Fruit of the loom
May 7, 2005 | 12:00am
Nay Susing, with an amused smile on her face, expertly knots the fiber thinner than a hair strand until she ends up with almost two yards of coil. This, she says, is to prepare the fiber for weaving, holding up the almost invisible thread for everyone to see. With a collective gasp, the onlookers finally understand what makes the piña fiber so delicate, so cherished
and so expensive.
While a lot of Filipinos are hung up on imported silk, a growing number of individuals with a newfound sense of national pride is turning their attention to piña, among other local fabrics, and seeing its potential. Every year for the last six years, Aklanons have been espousing the merits of the fiber at the Piña Fiber Festival in Kalibo, Aklan. The province is well-known for producing the finest piña fibers (even during the Spanish period) and transforming these into exquisite products ranging from formal wear to fashion and home accessories.
Considered a dying art in the 80s, piña weaving was "rescued" by concerned groups who put up several projects to resurrect and improve upon the technology in creating this gossamer fabric. Now, more than 20 years later, piña seems to have become a thriving industry in the province.
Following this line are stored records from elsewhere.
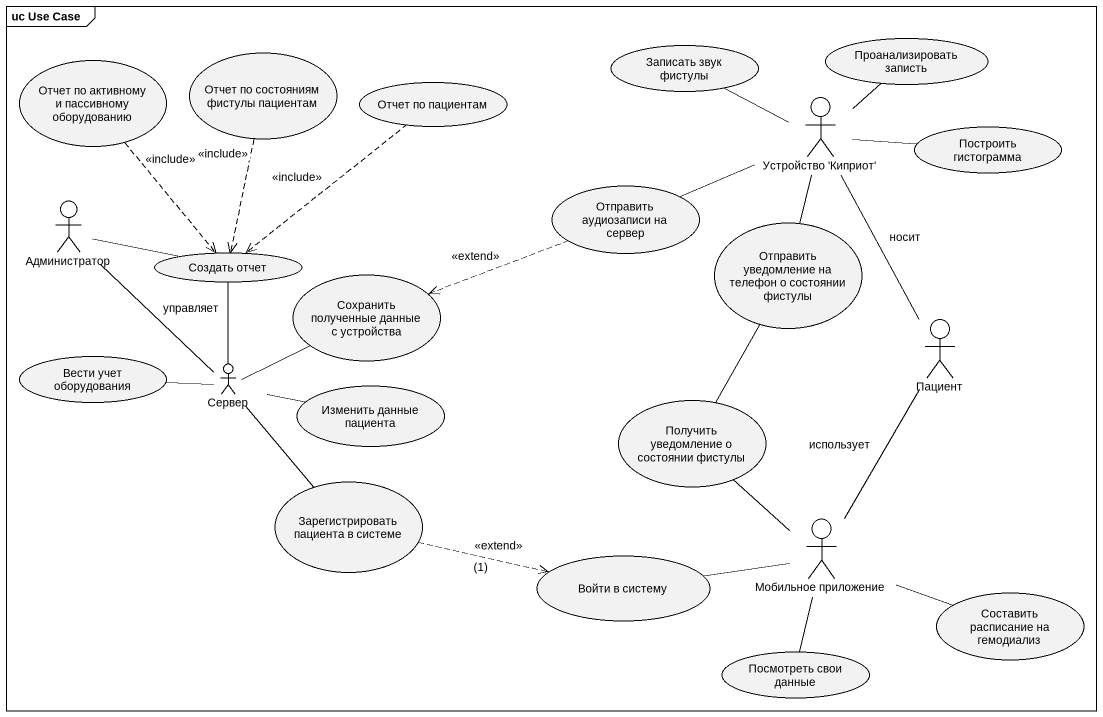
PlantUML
@startuml
mainframe uc Use Case
usecase "Отчет по активному и пассивному оборудованию" as Отчет_по_активному_и
usecase "Отчет по состояниям фистулы пациентам" as Отчет_по_состояниям_фистулы
usecase "Записать звук фистулы" as Записать_звук_фистулы
usecase "Проанализировать записть" as Проанализировать_записть
usecase "Отчет по пациентам" as Отчет_по_пациентам
actor "Устройство 'Киприот'" as Устройство_Киприот
usecase "Построить гистограмма" as Построить_гистограмма
actor Администратор
usecase "Отправить аудиозаписи на сервер" as Отправить_аудиозаписи_на
usecase "Создать отчет" as Создать_отчет
usecase "Отправить уведомление на телефон о состоянии фистулы" as Отправить_уведомление_на
usecase "Сохранить полученные данные с устройства" as Сохранить_полученные_данные
usecase "Вести учет оборудования" as Вести_учет_оборудования
actor Сервер
actor Пациент
usecase "Изменить данные пациента" as Изменить_данные_пациента
usecase "Получить уведомление о состоянии фистулы" as Получить_уведомление_о
usecase "Зарегистрировать пациента в системе" as Зарегистрировать_пациента_в
actor "Мобильное приложение" as Мобильное_приложение
usecase "Войти в систему" as Войти_в_систему
usecase "Составить расписание на гемодиализ" as Составить_расписание_на
usecase "Посмотреть свои данные" as Посмотреть_свои_данные
Отчет_по_активному_и ..> Создать_отчет : <<include>>
Отчет_по_состояниям_фистулы ..> Создать_отчет : <<include>>
Записать_звук_фистулы -right- Устройство_Киприот
Проанализировать_записть -- Устройство_Киприот
Отчет_по_пациентам ..> Создать_отчет : <<include>>
Устройство_Киприот -right- Построить_гистограмма
Администратор -right- Создать_отчет
Администратор -- Сервер : управляет
Отправить_аудиозаписи_на -right- Устройство_Киприот
Отправить_аудиозаписи_на .left.> Сохранить_полученные_данные : <<extend>>
Отправить_уведомление_на -up- Устройство_Киприот
Отправить_уведомление_на -- Получить_уведомление_о
Сервер -up- Создать_отчет
Сервер -right- Сохранить_полученные_данные
Сервер -left- Вести_учет_оборудования
Сервер -right- Изменить_данные_пациента
Сервер -- Зарегистрировать_пациента_в
Пациент -up- Устройство_Киприот : носит
Пациент -- Мобильное_приложение : использует
Получить_уведомление_о -- Мобильное_приложение
Зарегистрировать_пациента_в .right.> Войти_в_систему : <<extend>>\n(1)
Войти_в_систему -right- Мобильное_приложение
Составить_расписание_на -left- Мобильное_приложение
Посмотреть_свои_данные -up- Мобильное_приложение
@enduml

At the recent Aklan Piña & Fiber Festival, part of the celebration of the 49th founding anniversary of Aklan as a province, it was obvious that the industry has grown and matured.
What used to be confined to barong tagalog and bridal gowns, the piña has invaded the world of fashion accessories and home furnishings. Combined with other fabrics like silk or polyester, the piña is now made into cushion covers, bags, draperies and canopies for beds, shawls, even stationeries. A cursory glance at the trade fair, designed by international product design consultant PJ Arañador, showed that the piña is no longer the snooty cousin of the jusi or abaca. With a tropical resort theme, the fair used the piña and other local materials to create what Arañador describes as "a laidback but contemporary look."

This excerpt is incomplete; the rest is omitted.